Dataset records:
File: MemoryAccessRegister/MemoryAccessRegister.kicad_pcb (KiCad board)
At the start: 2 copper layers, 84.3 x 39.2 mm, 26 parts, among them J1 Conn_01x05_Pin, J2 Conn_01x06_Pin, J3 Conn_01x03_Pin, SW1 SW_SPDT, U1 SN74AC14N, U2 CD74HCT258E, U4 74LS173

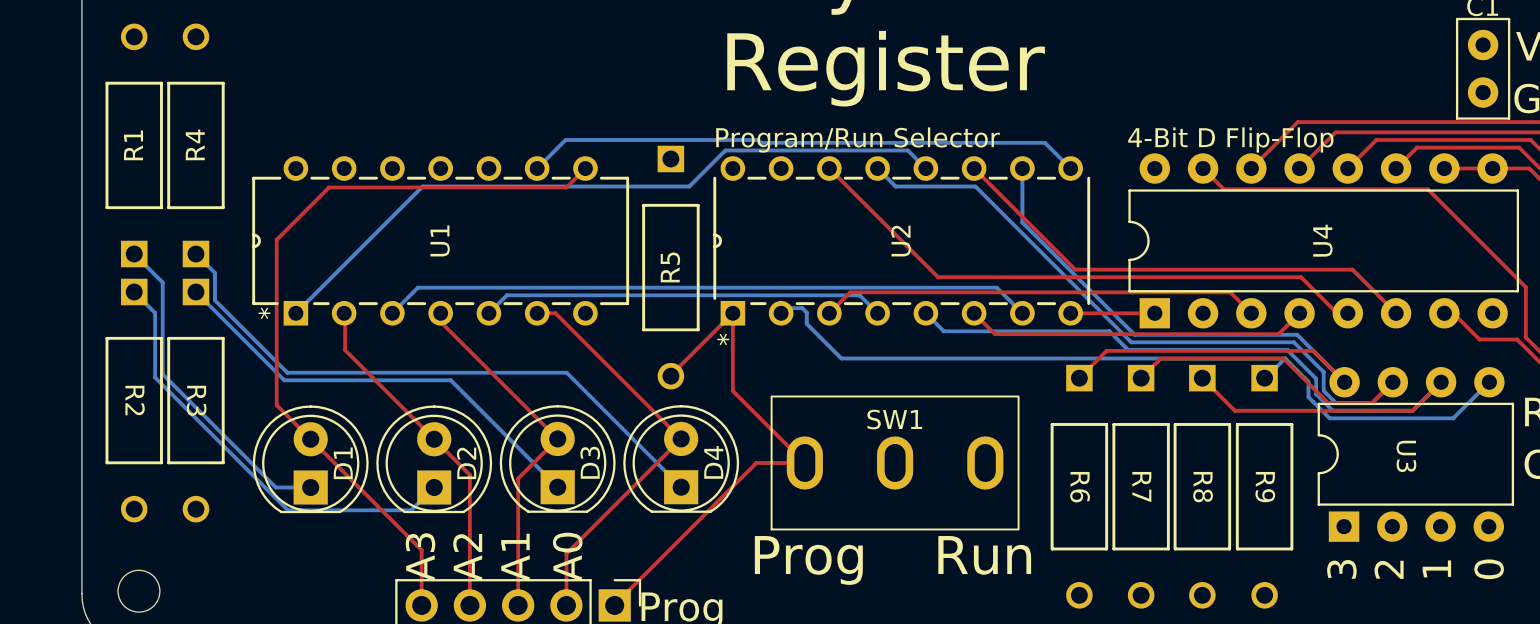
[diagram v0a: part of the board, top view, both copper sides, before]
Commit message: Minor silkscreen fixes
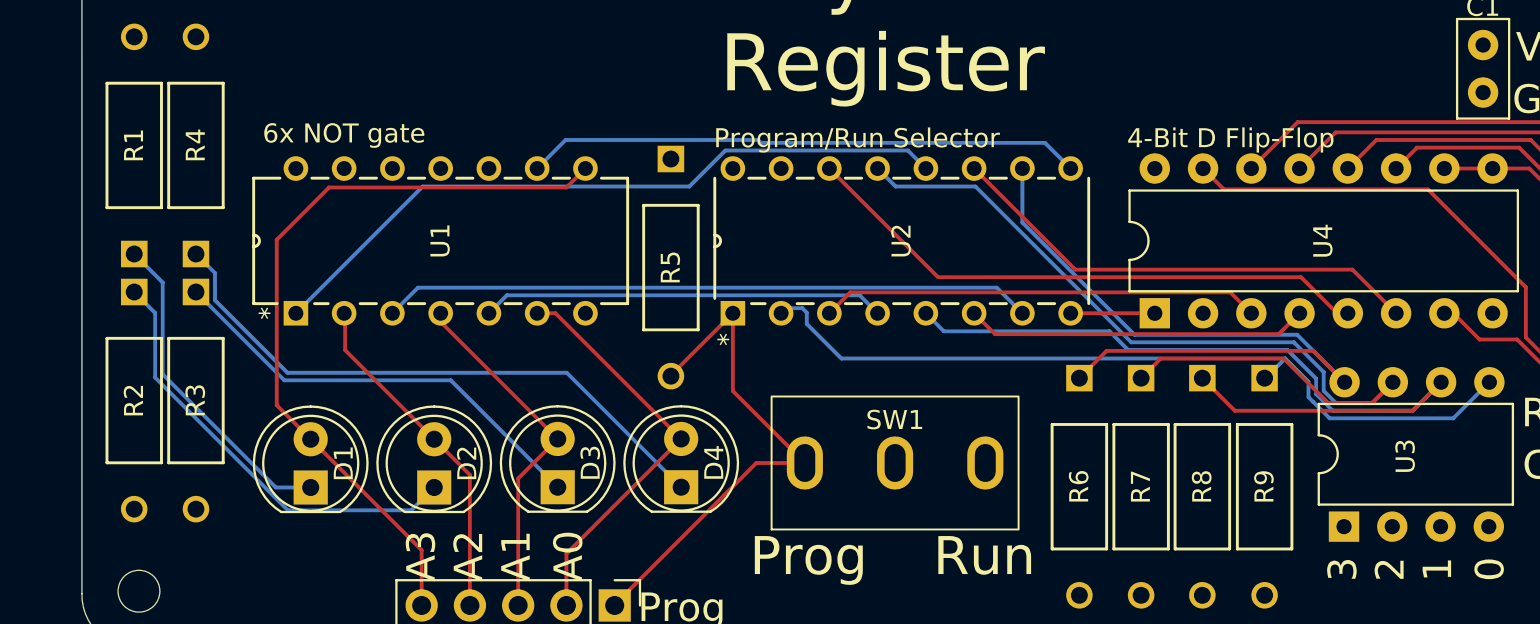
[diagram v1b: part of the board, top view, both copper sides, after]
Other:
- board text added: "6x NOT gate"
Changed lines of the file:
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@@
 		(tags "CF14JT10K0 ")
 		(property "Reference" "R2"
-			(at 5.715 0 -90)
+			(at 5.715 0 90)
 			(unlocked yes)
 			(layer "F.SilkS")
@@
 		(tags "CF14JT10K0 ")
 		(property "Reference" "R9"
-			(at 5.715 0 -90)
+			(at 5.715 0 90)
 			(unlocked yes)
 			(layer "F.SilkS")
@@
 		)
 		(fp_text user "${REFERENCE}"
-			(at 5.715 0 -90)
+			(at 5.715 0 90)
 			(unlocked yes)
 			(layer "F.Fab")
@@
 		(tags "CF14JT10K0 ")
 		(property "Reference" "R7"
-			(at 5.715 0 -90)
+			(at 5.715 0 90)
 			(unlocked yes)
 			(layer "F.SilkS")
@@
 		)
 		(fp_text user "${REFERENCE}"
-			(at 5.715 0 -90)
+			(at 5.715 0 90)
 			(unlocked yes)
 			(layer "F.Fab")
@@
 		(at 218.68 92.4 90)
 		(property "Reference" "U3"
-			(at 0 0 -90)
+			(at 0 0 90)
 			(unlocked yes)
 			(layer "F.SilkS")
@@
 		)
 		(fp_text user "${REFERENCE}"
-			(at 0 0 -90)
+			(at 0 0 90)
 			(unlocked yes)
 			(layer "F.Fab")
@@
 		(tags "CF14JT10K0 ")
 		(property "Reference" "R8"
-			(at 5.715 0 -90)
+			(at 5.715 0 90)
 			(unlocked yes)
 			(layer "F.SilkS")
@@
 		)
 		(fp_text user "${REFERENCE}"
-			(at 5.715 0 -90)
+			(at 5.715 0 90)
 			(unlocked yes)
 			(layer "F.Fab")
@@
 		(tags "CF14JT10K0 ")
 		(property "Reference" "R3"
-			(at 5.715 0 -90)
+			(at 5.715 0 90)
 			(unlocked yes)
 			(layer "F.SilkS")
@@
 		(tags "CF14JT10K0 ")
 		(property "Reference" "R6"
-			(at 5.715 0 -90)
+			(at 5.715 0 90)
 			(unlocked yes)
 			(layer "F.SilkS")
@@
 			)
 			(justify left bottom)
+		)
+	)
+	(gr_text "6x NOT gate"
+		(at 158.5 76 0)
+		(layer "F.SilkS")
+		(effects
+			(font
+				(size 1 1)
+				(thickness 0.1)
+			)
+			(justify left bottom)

**Try it:** Except for the pictures, copy every line of the records above exactly.

**Finished exercise:**
File: MemoryAccessRegister/MemoryAccessRegister.kicad_pcb (KiCad board)
At the start: 2 copper layers, 84.3 x 39.2 mm, 26 parts, among them J1 Conn_01x05_Pin, J2 Conn_01x06_Pin, J3 Conn_01x03_Pin, SW1 SW_SPDT, U1 SN74AC14N, U2 CD74HCT258E, U4 74LS173

[diagram v0a: part of the board, top view, both copper sides, before]
Commit message: Minor silkscreen fixes
[diagram v1b: part of the board, top view, both copper sides, after]
Other:
- board text added: "6x NOT gate"
Changed lines of the file:
@@
 		(tags "CF14JT10K0 ")
 		(property "Reference" "R2"
-			(at 5.715 0 -90)
+			(at 5.715 0 90)
 			(unlocked yes)
 			(layer "F.SilkS")
@@
 		(tags "CF14JT10K0 ")
 		(property "Reference" "R9"
-			(at 5.715 0 -90)
+			(at 5.715 0 90)
 			(unlocked yes)
 			(layer "F.SilkS")
@@
 		)
 		(fp_text user "${REFERENCE}"
-			(at 5.715 0 -90)
+			(at 5.715 0 90)
 			(unlocked yes)
 			(layer "F.Fab")
@@
 		(tags "CF14JT10K0 ")
 		(property "Reference" "R7"
-			(at 5.715 0 -90)
+			(at 5.715 0 90)
 			(unlocked yes)
 			(layer "F.SilkS")
@@
 		)
 		(fp_text user "${REFERENCE}"
-			(at 5.715 0 -90)
+			(at 5.715 0 90)
 			(unlocked yes)
 			(layer "F.Fab")
@@
 		(at 218.68 92.4 90)
 		(property "Reference" "U3"
-			(at 0 0 -90)
+			(at 0 0 90)
 			(unlocked yes)
 			(layer "F.SilkS")
@@
 		)
 		(fp_text user "${REFERENCE}"
-			(at 0 0 -90)
+			(at 0 0 90)
 			(unlocked yes)
 			(layer "F.Fab")
@@
 		(tags "CF14JT10K0 ")
 		(property "Reference" "R8"
-			(at 5.715 0 -90)
+			(at 5.715 0 90)
 			(unlocked yes)
 			(layer "F.SilkS")
@@
 		)
 		(fp_text user "${REFERENCE}"
-			(at 5.715 0 -90)
+			(at 5.715 0 90)
 			(unlocked yes)
 			(layer "F.Fab")
@@
 		(tags "CF14JT10K0 ")
 		(property "Reference" "R3"
-			(at 5.715 0 -90)
+			(at 5.715 0 90)
 			(unlocked yes)
 			(layer "F.SilkS")
@@
 		(tags "CF14JT10K0 ")
 		(property "Reference" "R6"
-			(at 5.715 0 -90)
+			(at 5.715 0 90)
 			(unlocked yes)
 			(layer "F.SilkS")
@@
 			)
 			(justify left bottom)
+		)
+	)
+	(gr_text "6x NOT gate"
+		(at 158.5 76 0)
+		(layer "F.SilkS")
+		(effects
+			(font
+				(size 1 1)
+				(thickness 0.1)
+			)
+			(justify left bottom)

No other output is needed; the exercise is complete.